We humans may indeed achieve even more extended longevity. The greater challenge, I believe, is what we think humans do with the added years. Apparently, passing batons or supporting and mentoring emerging generations is not as common as one might hope. Even with mentoring there may be strings attached. As one Gen X person shared with me, describing her hope for support from her baby boomer bosses: “They aren’t really mentoring me; they will help you out if you promise to do everything exactly as they did it and keep their pet initiatives alive. They are trying to create clones of themselves.”


More recently, many Gen Z persons have shared with me that they don’t ask older persons for help because they get lectures or criticism, much as the millennials once observed. Gen Z persons, it has seemed to me, have no intention of furthering the patterns, values or projects of those how preceded them. They want a different, and as they see it, better world.

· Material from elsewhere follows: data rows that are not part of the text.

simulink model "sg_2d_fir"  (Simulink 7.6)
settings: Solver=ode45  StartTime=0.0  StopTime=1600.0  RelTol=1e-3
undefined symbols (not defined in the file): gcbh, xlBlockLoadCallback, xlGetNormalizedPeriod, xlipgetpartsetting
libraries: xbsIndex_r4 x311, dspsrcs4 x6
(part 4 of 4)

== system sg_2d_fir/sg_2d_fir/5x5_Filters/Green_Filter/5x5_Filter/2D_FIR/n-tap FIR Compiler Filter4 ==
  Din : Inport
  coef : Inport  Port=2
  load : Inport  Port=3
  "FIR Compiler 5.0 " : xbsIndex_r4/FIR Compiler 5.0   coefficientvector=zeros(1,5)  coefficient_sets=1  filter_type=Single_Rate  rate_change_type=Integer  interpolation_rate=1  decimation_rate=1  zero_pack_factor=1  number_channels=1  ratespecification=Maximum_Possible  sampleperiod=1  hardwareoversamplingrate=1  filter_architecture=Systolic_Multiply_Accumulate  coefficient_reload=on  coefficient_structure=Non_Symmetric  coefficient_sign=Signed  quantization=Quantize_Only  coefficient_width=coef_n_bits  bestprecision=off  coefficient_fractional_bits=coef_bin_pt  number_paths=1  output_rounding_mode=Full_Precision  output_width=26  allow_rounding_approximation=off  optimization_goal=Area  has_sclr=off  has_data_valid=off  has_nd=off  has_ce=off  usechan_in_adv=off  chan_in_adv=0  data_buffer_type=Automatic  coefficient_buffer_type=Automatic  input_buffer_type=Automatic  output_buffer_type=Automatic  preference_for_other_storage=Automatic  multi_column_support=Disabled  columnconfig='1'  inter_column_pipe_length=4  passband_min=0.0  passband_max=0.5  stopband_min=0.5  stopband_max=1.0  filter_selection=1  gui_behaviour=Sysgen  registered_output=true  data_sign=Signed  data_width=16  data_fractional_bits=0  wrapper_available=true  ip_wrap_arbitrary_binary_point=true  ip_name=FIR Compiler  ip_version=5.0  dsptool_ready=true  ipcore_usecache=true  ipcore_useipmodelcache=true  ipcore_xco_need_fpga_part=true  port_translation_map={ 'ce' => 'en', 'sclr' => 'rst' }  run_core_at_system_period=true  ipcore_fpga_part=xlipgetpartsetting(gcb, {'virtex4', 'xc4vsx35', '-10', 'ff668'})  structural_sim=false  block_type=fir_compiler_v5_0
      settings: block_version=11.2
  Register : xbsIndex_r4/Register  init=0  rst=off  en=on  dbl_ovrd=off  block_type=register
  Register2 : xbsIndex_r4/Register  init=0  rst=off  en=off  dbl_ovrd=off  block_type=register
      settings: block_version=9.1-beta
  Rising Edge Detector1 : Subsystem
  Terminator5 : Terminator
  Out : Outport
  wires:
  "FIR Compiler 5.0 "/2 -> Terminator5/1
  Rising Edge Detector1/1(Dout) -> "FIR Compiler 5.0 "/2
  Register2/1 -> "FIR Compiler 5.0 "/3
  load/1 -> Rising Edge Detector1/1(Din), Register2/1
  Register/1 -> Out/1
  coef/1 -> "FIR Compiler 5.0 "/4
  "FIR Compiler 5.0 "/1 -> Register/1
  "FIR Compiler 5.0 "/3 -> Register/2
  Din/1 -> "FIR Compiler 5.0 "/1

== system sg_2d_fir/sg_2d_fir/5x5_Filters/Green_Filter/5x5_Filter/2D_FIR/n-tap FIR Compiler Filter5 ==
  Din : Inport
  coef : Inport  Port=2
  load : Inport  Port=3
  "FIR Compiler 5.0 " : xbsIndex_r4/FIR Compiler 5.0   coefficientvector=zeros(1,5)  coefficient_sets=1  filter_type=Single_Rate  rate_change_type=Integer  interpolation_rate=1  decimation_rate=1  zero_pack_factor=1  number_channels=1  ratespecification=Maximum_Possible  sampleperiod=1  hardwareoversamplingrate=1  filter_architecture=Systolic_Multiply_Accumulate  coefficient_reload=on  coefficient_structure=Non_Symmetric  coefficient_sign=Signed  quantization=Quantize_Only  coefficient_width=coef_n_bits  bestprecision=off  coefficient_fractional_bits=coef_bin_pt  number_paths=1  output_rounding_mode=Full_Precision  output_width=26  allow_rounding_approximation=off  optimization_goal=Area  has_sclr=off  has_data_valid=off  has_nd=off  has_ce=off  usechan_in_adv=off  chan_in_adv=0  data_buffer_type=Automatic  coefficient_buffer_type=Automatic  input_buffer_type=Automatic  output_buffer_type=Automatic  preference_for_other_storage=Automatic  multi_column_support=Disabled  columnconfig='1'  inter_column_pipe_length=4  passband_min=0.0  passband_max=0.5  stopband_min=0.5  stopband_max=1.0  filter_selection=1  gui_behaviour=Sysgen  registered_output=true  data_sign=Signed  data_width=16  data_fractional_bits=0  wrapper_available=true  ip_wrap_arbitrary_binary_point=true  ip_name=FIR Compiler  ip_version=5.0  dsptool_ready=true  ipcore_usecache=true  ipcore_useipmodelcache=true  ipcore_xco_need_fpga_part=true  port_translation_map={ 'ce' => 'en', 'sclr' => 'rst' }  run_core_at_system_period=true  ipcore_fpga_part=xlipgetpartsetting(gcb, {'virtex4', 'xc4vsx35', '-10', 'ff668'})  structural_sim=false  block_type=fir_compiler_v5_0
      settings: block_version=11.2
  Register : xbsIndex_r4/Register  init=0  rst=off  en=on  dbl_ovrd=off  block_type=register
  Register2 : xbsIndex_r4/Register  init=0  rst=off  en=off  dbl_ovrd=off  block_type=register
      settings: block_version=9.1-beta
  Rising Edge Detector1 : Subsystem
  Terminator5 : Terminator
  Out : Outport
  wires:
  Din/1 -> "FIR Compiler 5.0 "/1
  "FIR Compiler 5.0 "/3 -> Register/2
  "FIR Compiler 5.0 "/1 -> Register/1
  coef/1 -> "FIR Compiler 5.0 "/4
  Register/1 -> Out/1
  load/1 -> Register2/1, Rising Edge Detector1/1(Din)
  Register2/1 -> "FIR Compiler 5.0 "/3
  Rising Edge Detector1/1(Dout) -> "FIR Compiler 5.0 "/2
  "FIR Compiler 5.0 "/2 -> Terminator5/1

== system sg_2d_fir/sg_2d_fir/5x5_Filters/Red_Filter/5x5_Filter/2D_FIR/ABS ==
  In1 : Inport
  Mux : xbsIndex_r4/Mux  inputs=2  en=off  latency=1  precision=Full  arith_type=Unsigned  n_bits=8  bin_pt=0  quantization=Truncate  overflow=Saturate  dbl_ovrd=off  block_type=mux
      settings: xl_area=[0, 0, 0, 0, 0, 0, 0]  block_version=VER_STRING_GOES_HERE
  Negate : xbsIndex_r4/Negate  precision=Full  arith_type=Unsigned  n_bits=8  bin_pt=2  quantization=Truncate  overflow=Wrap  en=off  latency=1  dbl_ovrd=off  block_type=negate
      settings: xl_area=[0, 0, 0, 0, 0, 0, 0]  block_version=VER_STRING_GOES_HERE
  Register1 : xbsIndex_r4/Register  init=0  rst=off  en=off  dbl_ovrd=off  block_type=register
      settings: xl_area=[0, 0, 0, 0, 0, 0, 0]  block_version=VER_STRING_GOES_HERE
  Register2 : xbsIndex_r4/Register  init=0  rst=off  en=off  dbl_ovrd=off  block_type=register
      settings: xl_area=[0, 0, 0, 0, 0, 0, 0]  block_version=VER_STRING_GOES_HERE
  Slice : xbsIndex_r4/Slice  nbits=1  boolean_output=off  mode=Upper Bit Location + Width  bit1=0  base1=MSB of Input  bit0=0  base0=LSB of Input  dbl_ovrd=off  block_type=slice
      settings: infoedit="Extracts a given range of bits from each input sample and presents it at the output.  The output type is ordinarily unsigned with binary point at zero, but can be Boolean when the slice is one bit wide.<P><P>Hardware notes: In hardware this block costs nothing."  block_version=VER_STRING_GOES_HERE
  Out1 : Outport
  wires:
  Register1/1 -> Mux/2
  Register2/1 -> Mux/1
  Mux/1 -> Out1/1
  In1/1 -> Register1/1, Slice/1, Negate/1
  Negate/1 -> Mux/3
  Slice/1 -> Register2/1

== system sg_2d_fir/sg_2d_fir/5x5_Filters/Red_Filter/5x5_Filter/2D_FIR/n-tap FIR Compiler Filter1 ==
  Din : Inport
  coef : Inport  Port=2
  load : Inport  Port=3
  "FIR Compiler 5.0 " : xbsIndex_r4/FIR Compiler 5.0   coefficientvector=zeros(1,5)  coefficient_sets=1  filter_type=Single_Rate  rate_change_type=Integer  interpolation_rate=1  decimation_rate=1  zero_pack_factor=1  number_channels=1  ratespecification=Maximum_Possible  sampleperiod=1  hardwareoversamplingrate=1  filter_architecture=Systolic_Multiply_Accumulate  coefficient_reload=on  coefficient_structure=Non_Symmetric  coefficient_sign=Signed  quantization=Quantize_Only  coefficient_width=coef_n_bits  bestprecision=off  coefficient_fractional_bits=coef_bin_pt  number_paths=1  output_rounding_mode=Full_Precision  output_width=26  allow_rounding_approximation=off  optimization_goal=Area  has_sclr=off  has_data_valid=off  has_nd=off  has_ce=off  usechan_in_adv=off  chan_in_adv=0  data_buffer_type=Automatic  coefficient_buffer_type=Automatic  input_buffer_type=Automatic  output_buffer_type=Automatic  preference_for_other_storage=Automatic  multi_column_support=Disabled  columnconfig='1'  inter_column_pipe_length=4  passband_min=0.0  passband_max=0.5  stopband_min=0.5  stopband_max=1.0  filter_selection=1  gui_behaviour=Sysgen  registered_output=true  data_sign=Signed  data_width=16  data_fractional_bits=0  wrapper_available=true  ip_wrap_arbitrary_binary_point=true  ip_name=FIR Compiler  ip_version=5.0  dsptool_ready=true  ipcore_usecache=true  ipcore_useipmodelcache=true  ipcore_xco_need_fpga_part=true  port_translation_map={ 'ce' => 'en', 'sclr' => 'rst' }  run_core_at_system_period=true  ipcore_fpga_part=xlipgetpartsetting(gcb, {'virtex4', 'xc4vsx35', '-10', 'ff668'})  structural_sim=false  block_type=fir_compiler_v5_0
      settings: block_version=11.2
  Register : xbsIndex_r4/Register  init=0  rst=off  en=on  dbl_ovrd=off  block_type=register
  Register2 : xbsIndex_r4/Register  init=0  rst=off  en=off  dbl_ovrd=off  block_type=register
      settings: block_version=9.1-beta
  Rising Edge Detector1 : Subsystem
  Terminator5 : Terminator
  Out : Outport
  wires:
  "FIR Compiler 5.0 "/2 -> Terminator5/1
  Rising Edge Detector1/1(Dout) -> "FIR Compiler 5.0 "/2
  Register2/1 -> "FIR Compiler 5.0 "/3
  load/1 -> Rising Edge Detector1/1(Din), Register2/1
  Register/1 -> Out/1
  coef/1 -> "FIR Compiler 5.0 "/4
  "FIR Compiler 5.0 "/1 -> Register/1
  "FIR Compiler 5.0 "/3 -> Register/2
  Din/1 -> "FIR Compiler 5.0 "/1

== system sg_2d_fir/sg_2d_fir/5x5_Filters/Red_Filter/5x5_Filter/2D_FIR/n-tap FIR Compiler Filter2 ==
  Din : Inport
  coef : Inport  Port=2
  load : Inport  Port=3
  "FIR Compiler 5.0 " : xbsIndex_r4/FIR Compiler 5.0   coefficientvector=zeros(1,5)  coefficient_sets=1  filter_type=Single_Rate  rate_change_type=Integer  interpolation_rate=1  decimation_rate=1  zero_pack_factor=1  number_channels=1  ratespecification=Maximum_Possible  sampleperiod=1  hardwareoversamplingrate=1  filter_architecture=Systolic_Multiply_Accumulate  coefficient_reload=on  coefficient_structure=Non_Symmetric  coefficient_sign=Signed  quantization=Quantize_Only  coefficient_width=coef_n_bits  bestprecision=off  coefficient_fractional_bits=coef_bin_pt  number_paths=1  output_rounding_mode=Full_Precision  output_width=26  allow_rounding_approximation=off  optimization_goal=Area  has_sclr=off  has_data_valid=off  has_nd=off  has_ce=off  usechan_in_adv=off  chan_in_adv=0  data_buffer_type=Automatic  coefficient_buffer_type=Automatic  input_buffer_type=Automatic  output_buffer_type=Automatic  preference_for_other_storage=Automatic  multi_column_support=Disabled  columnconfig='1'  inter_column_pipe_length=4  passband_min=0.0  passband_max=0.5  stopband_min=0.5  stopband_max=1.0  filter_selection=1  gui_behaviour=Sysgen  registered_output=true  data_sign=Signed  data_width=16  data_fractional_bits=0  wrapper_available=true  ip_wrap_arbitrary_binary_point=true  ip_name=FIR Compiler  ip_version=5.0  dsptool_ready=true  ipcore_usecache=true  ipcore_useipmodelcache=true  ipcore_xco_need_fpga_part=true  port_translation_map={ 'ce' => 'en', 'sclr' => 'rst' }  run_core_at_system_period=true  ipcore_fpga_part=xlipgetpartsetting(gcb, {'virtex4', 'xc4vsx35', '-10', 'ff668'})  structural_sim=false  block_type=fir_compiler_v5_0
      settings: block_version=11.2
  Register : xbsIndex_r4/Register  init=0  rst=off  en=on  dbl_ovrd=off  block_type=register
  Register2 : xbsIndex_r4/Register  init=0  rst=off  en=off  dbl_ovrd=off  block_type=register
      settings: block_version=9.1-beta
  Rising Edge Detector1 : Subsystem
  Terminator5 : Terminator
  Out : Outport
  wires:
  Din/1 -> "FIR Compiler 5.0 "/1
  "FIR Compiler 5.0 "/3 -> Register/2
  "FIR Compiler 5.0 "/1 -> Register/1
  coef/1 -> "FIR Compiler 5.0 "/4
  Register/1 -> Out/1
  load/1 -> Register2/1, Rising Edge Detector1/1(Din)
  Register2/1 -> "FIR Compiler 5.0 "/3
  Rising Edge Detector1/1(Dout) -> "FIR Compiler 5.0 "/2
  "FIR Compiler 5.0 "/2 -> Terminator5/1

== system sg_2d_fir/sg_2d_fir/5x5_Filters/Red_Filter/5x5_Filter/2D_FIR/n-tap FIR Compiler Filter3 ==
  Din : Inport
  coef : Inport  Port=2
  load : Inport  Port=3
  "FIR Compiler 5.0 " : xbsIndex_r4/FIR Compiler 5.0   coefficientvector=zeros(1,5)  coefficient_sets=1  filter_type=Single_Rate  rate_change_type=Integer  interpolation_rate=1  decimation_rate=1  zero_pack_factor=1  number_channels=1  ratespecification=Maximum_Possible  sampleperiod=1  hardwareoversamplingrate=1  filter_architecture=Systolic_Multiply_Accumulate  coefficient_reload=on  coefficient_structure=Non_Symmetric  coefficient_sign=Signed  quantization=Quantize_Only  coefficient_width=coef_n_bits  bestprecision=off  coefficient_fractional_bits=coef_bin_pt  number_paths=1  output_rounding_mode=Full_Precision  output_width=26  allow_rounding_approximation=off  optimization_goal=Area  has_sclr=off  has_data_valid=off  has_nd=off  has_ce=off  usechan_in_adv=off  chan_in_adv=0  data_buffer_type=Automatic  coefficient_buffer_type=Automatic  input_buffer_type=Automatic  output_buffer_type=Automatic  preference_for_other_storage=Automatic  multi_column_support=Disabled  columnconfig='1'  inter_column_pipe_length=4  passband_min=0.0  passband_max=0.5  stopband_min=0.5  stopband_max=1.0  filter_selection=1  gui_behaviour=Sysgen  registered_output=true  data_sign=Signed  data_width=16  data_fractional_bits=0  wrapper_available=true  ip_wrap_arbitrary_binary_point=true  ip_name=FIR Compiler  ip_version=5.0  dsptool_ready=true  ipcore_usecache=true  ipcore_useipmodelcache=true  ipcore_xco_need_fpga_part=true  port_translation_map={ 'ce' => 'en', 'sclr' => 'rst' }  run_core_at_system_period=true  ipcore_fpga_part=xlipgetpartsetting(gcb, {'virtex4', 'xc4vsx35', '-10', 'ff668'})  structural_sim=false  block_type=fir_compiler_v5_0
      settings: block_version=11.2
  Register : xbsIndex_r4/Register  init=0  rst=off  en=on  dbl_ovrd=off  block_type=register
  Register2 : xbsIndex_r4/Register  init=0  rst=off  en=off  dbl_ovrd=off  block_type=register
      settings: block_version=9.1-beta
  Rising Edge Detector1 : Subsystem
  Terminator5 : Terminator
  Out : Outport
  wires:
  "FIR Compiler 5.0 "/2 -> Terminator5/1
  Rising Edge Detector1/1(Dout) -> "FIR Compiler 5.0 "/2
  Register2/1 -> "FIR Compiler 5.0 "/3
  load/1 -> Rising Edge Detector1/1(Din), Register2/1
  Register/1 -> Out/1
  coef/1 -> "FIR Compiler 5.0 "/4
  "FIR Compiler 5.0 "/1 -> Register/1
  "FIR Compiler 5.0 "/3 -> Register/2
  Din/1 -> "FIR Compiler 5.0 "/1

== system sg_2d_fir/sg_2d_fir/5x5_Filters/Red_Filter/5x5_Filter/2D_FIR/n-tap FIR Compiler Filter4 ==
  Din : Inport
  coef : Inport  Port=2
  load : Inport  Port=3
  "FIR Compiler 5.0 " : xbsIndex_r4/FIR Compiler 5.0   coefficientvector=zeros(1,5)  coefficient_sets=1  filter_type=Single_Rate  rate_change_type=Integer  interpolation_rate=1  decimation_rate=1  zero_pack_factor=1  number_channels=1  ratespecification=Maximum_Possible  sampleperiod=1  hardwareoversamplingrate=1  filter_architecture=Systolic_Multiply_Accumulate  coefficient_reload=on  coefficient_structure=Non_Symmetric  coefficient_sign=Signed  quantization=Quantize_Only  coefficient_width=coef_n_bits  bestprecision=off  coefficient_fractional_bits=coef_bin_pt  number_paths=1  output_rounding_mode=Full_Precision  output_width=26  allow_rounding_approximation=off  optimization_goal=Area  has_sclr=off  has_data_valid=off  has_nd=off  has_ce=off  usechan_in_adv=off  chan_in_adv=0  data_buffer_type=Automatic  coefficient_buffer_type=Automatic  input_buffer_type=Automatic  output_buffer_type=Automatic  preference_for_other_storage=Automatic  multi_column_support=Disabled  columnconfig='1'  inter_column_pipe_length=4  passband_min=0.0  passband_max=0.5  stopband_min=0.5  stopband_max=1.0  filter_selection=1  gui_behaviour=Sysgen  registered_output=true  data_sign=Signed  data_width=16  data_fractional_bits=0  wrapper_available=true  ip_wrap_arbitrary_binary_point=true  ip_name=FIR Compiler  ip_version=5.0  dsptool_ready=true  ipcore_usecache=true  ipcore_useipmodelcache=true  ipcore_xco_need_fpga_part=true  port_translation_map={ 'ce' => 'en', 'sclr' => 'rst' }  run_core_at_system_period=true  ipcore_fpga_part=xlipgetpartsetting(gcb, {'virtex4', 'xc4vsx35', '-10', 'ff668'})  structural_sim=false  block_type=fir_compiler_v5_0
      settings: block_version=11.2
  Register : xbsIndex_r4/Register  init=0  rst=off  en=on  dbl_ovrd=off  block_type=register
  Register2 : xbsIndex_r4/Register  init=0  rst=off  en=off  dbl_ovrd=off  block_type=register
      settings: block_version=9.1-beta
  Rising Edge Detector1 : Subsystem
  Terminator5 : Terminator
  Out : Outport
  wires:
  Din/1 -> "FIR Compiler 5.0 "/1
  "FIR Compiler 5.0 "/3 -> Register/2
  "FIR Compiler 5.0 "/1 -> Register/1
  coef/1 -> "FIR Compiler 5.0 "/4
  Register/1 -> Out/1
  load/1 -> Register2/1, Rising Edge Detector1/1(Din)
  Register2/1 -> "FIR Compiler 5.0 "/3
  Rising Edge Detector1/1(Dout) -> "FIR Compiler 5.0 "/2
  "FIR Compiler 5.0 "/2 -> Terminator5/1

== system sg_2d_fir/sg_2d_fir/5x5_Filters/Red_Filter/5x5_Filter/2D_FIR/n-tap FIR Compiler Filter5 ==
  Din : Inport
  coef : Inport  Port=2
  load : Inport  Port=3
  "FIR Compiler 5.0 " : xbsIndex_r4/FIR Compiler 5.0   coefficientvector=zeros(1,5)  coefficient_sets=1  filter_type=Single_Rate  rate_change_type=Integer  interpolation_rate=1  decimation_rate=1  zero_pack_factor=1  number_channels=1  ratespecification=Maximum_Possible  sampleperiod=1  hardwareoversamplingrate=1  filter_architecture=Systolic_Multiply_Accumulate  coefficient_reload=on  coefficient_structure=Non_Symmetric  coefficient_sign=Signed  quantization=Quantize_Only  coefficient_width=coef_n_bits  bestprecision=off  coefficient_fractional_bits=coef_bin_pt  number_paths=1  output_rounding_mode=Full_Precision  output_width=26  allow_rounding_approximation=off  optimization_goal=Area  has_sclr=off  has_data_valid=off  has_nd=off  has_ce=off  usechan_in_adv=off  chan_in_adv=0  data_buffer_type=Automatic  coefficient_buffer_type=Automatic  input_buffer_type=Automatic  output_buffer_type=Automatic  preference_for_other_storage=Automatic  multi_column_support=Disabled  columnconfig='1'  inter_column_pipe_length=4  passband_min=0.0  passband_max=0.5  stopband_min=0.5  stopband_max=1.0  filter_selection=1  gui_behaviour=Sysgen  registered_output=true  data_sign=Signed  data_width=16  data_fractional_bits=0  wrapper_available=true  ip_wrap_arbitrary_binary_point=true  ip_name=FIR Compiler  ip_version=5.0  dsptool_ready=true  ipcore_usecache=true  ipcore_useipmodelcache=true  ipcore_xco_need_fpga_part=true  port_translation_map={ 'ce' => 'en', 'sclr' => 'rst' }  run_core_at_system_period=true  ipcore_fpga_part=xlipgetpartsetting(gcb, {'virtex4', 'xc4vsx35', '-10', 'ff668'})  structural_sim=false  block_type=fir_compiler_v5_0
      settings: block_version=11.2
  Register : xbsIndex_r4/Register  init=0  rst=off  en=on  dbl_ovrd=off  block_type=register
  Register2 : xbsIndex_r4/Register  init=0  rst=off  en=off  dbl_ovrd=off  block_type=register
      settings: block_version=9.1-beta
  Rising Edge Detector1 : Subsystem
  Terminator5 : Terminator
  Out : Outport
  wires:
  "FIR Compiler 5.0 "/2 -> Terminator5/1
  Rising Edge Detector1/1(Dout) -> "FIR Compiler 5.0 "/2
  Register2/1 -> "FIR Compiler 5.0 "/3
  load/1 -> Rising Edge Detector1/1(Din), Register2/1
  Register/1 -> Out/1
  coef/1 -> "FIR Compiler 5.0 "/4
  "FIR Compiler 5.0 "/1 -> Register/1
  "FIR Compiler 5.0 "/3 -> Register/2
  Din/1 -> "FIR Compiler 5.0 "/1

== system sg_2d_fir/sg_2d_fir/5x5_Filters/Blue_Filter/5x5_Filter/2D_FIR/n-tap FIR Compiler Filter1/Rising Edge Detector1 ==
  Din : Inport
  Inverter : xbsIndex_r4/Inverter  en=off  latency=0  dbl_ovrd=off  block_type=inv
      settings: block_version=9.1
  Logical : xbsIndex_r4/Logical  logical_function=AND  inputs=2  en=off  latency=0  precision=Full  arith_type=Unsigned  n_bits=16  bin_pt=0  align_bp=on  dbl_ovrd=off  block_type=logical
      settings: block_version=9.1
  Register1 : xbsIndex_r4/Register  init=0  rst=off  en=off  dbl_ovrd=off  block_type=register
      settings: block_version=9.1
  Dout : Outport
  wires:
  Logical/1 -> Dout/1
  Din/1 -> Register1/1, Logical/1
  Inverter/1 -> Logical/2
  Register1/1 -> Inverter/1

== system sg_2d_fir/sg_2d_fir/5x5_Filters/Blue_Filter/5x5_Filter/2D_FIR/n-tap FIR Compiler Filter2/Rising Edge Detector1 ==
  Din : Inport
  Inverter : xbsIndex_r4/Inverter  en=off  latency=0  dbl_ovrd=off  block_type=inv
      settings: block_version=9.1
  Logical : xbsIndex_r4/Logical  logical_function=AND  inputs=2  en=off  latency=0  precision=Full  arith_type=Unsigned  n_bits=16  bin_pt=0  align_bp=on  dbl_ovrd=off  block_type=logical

It is their view that the world being handed to them is something of a mess and they will need to fix it…a lot!


When I was personally trying to figure out how one becomes not just an old person but takes on the wisdom work of being an elder, one insight struck me as fairly reliable: elders serve by leaving center stage and becoming resources for the next generation of leaders who can then step forward to imagine and lead, to take center stage. This wisdom work may start with their relationships with their grandchildren or comparable surrogates, however in time it expands to all young people who are creating the future.


I feel distressed when I see increasingly large numbers of aging persons clinging to center stage, convinced that they are essential, and perpetuating phenomena and patterns we already know aren’t working all that well. I view this as a longevity nightmare. Not all, perhaps not even most aging or old persons are becoming elders. We need elders though, not old people committed to never adapting to their aging or the certitude of their death.


As is perhaps self-evident, with all these aging people we are accumulating, if several would choose to become elders or what I call wisdom workers, we could have an amazing planetary shift. Our young would have several persons as mentors, supporters, even cheerleaders and coaches. It could create a golden era where we have so many dedicated elders that we could create rapid and constructive change, resolving seemingly insoluble problems. Elders could provide history and knowledge, but more importantly wisdom about what may or may not work. The young could imagine beyond the limits of past thinking and doing.


So, longevity could be amazing. I have to admit though, I would like somewhat more thoughtful and robust reflections about why all these people are extending their lives and what it really means for the world we live in. Perhaps more significantly, I would like thoughtful and robust reflections about what alternatives exist to absorb all these old people who do not appear interested in becoming elders, but rather primarily in extending their lives and not dying. What are they trying to achieve, and why? It’s a really good question.


“The quality, not the longevity of one’s live is what is important”.